§ Task objective: Would you reproduce exactly the lines below from the one holding "The MathWorks, Inc." through the one holding "settings OptimizationCC: ExpressionDepthLimit=2147483647", inclusive, and no others?
··· Available records
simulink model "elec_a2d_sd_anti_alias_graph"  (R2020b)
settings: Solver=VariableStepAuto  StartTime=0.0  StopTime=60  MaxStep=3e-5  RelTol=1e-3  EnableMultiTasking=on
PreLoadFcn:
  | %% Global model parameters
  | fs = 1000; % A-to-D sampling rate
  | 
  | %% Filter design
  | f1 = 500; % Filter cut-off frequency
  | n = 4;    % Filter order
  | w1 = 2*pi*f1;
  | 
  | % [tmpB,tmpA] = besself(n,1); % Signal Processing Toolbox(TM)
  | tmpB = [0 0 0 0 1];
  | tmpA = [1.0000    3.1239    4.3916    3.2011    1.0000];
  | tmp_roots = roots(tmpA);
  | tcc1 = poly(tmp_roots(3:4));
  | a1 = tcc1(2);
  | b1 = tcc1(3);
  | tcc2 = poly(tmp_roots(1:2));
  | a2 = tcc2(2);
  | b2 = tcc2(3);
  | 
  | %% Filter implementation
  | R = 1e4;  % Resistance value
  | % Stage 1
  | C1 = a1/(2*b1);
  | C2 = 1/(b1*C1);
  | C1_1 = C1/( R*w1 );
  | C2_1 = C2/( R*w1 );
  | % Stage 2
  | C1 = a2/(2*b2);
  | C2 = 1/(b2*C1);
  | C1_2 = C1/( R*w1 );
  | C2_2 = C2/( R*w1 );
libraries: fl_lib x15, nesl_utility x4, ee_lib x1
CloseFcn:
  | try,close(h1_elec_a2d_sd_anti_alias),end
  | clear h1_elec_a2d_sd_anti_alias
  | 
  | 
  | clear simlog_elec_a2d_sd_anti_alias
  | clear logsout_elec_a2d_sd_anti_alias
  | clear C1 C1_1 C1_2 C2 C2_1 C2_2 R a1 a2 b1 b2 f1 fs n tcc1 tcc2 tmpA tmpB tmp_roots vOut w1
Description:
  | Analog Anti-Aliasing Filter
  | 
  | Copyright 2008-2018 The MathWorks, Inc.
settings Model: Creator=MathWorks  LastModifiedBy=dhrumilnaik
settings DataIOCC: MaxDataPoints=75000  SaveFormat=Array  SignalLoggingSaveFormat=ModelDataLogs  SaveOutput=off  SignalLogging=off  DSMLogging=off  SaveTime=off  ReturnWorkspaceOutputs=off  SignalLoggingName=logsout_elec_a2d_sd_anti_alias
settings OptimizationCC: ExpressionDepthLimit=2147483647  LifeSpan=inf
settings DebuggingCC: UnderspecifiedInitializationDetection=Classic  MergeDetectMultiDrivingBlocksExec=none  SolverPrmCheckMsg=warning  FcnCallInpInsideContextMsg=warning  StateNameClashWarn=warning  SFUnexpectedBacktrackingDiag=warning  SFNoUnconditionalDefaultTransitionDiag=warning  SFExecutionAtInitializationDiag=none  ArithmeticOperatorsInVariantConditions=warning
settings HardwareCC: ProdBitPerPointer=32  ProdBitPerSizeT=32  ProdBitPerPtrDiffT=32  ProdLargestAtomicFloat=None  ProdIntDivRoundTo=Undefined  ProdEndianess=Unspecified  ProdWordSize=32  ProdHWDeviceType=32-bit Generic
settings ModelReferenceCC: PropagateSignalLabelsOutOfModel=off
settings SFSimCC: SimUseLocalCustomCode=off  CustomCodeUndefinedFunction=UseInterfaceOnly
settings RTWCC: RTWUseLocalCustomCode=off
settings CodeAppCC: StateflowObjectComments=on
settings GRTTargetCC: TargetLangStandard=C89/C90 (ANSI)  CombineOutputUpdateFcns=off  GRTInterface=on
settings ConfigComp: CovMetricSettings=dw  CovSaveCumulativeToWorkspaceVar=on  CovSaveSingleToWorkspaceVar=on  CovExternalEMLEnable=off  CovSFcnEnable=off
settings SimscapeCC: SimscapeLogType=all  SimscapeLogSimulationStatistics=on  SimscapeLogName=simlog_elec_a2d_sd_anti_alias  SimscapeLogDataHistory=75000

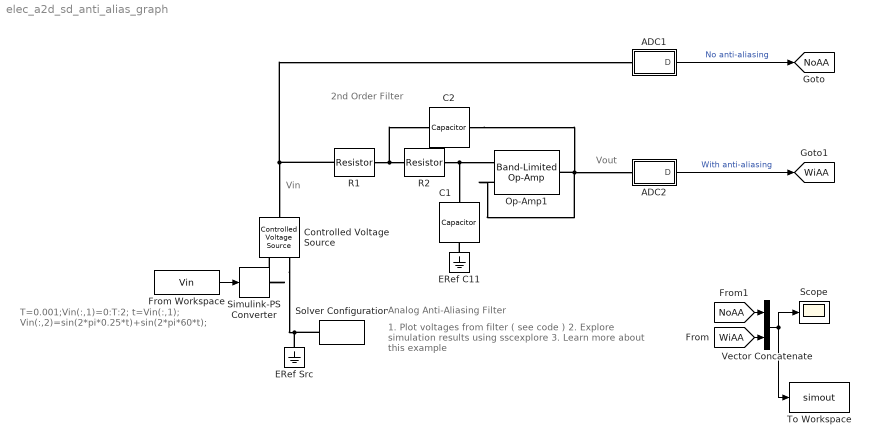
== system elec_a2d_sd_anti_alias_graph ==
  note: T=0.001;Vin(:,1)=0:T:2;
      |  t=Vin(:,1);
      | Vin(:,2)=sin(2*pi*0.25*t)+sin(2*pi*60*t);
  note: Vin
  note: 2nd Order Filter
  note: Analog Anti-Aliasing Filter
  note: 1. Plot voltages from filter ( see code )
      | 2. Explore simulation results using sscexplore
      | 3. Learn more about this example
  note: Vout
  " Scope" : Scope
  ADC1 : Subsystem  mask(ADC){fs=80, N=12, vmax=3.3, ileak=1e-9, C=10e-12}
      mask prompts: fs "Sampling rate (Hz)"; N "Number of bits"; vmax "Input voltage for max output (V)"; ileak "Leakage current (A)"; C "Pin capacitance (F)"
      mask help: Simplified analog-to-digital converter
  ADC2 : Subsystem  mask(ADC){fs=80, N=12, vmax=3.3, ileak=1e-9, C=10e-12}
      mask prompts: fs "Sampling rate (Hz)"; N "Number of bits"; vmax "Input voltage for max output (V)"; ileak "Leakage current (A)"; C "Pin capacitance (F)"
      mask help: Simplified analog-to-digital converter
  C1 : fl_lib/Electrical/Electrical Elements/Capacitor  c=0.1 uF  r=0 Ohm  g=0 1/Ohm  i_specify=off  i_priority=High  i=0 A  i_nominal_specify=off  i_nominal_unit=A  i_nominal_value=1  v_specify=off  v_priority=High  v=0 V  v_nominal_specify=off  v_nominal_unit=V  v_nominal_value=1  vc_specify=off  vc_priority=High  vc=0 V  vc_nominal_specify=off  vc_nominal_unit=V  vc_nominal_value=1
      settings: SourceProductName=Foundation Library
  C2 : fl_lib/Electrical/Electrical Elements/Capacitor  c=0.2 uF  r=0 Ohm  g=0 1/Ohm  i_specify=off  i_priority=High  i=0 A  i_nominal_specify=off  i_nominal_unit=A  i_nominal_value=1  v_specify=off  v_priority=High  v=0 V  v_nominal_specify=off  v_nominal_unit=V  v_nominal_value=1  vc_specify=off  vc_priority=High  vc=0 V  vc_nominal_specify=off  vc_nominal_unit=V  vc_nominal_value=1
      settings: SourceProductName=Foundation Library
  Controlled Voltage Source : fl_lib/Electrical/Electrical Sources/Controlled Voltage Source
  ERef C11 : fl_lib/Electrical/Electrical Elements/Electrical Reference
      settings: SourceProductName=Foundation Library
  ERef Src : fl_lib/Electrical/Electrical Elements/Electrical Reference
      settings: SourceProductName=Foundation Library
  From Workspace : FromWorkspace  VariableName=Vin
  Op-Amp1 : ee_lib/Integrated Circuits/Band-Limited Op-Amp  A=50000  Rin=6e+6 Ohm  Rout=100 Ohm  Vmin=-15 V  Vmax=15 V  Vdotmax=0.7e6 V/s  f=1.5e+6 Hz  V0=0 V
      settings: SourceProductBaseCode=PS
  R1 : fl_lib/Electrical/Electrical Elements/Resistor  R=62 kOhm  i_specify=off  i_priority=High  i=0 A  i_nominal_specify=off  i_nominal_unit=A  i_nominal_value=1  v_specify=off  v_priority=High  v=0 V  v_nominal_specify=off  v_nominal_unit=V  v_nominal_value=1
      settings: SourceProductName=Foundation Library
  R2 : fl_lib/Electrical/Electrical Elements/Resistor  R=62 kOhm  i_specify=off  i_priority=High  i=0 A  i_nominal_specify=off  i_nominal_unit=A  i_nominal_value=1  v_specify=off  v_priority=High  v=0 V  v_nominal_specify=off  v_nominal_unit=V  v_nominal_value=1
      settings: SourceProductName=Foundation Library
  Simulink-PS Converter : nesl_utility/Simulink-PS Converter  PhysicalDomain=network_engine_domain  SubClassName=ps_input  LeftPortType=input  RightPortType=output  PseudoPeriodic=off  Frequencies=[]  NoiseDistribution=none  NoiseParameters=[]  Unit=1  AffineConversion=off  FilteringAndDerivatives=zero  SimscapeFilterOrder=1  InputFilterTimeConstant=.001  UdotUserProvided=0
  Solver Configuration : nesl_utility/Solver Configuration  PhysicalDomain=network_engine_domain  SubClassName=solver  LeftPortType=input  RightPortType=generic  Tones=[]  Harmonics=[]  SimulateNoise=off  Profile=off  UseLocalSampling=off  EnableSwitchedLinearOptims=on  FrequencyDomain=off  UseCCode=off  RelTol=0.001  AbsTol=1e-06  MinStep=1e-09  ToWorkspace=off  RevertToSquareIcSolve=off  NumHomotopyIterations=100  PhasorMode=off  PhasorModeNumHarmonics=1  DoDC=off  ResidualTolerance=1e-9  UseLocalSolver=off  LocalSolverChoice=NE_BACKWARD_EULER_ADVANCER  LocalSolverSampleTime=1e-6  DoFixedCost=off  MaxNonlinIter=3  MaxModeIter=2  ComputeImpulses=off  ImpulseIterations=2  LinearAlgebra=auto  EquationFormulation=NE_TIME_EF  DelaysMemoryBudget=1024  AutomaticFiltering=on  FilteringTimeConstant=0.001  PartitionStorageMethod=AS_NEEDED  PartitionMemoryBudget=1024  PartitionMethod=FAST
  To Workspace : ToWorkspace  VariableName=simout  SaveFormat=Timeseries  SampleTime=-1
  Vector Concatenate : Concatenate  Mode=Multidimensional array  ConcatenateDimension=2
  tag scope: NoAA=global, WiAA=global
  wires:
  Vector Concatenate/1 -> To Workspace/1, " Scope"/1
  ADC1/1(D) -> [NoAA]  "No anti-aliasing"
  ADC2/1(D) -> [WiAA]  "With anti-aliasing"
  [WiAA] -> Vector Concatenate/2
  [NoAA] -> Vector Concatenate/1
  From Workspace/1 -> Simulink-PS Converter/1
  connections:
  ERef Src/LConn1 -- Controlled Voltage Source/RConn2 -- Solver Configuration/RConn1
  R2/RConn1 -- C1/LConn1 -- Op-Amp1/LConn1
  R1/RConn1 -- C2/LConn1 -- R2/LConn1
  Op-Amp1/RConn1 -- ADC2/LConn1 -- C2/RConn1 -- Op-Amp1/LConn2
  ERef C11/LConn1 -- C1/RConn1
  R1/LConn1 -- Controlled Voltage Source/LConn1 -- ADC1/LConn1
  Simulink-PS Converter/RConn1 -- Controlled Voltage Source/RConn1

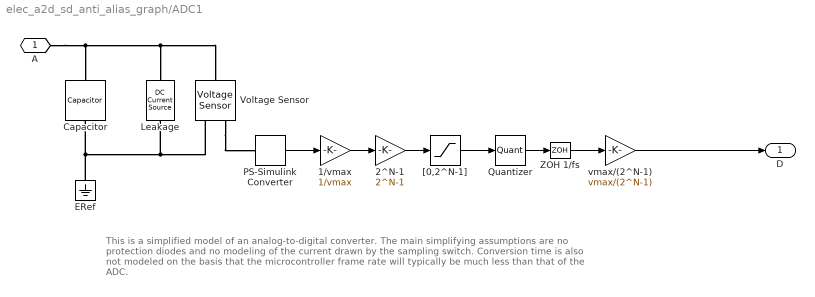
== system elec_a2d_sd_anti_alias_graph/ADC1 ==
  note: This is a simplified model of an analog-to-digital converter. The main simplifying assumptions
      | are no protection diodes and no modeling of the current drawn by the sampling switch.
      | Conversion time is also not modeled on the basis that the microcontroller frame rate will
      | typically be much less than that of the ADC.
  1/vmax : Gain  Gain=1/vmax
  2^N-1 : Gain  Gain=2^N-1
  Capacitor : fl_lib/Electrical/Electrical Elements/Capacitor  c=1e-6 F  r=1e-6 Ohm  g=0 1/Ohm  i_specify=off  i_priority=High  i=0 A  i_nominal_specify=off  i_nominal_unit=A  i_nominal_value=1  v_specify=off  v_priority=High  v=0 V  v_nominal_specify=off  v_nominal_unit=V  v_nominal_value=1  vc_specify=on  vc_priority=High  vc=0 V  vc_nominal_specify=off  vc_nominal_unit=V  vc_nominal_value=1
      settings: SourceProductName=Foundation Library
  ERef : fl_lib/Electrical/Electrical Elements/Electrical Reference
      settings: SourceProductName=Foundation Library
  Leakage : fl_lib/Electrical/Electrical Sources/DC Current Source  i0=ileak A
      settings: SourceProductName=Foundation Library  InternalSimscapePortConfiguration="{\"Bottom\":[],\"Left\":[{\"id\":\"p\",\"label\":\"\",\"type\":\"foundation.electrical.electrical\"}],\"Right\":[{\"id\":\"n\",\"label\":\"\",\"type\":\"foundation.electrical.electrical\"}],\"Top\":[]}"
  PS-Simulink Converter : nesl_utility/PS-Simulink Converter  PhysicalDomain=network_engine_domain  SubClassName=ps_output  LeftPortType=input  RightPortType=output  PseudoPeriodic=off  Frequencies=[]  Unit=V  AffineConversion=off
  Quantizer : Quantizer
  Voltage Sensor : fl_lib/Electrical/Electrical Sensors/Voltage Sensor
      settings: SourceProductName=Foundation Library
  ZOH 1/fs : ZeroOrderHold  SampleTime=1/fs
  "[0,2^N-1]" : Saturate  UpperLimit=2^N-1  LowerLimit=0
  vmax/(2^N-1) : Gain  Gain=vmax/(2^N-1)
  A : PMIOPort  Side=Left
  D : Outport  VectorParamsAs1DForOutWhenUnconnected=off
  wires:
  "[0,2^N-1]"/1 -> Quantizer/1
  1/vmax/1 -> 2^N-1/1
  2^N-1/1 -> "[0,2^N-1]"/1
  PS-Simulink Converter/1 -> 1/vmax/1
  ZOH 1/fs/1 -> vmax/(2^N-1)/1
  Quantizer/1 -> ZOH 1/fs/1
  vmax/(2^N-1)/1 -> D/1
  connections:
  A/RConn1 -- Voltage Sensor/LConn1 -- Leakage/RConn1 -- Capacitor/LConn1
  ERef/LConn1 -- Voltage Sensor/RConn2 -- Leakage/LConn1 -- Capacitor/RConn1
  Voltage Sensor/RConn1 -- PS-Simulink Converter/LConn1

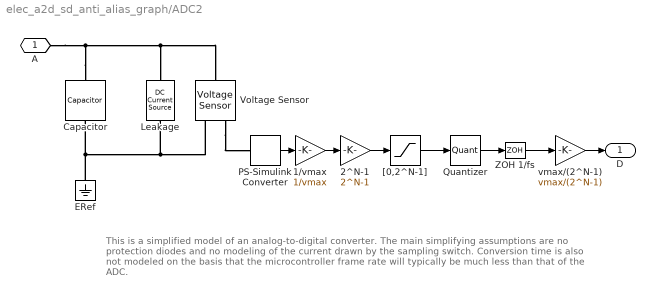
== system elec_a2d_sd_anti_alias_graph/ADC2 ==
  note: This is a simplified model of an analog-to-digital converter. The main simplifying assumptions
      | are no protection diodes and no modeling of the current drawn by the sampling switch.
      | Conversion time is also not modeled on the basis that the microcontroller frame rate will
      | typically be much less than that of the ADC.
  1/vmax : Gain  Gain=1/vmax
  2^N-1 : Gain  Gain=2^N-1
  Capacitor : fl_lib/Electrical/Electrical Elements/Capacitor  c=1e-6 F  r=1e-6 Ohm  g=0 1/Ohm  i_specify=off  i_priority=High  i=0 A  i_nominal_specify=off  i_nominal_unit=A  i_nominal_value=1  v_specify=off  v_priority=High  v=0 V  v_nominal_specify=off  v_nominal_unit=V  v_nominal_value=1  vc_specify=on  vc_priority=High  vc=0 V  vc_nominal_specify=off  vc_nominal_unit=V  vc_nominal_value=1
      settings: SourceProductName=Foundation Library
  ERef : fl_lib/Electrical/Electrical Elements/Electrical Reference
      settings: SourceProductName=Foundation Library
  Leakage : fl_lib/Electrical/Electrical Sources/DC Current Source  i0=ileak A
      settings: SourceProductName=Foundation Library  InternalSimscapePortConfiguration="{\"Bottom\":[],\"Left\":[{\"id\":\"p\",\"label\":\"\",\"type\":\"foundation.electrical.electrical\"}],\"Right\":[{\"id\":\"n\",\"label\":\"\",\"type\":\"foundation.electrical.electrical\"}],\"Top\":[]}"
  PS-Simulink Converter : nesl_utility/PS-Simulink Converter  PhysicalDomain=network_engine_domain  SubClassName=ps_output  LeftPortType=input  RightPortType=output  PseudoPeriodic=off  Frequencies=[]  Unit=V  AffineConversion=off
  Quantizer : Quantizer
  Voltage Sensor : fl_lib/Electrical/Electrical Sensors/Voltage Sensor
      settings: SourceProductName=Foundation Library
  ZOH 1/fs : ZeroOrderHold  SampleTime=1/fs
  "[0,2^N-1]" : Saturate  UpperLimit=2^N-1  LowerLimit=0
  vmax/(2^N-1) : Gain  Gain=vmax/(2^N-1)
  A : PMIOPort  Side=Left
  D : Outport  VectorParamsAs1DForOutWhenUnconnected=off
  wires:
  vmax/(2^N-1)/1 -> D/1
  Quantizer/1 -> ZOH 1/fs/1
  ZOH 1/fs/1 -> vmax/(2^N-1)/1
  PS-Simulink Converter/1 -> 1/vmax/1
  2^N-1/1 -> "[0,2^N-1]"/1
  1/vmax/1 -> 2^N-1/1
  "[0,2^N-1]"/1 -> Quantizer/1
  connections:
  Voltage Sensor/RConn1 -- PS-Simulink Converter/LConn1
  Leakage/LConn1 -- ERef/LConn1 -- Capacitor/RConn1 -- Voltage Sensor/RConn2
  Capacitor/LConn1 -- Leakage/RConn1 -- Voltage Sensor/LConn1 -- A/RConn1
······
§ Solution to this exercise:
  | Copyright 2008-2018 The MathWorks, Inc.
settings Model: Creator=MathWorks  LastModifiedBy=dhrumilnaik
settings DataIOCC: MaxDataPoints=75000  SaveFormat=Array  SignalLoggingSaveFormat=ModelDataLogs  SaveOutput=off  SignalLogging=off  DSMLogging=off  SaveTime=off  ReturnWorkspaceOutputs=off  SignalLoggingName=logsout_elec_a2d_sd_anti_alias
settings OptimizationCC: ExpressionDepthLimit=2147483647  LifeSpan=inf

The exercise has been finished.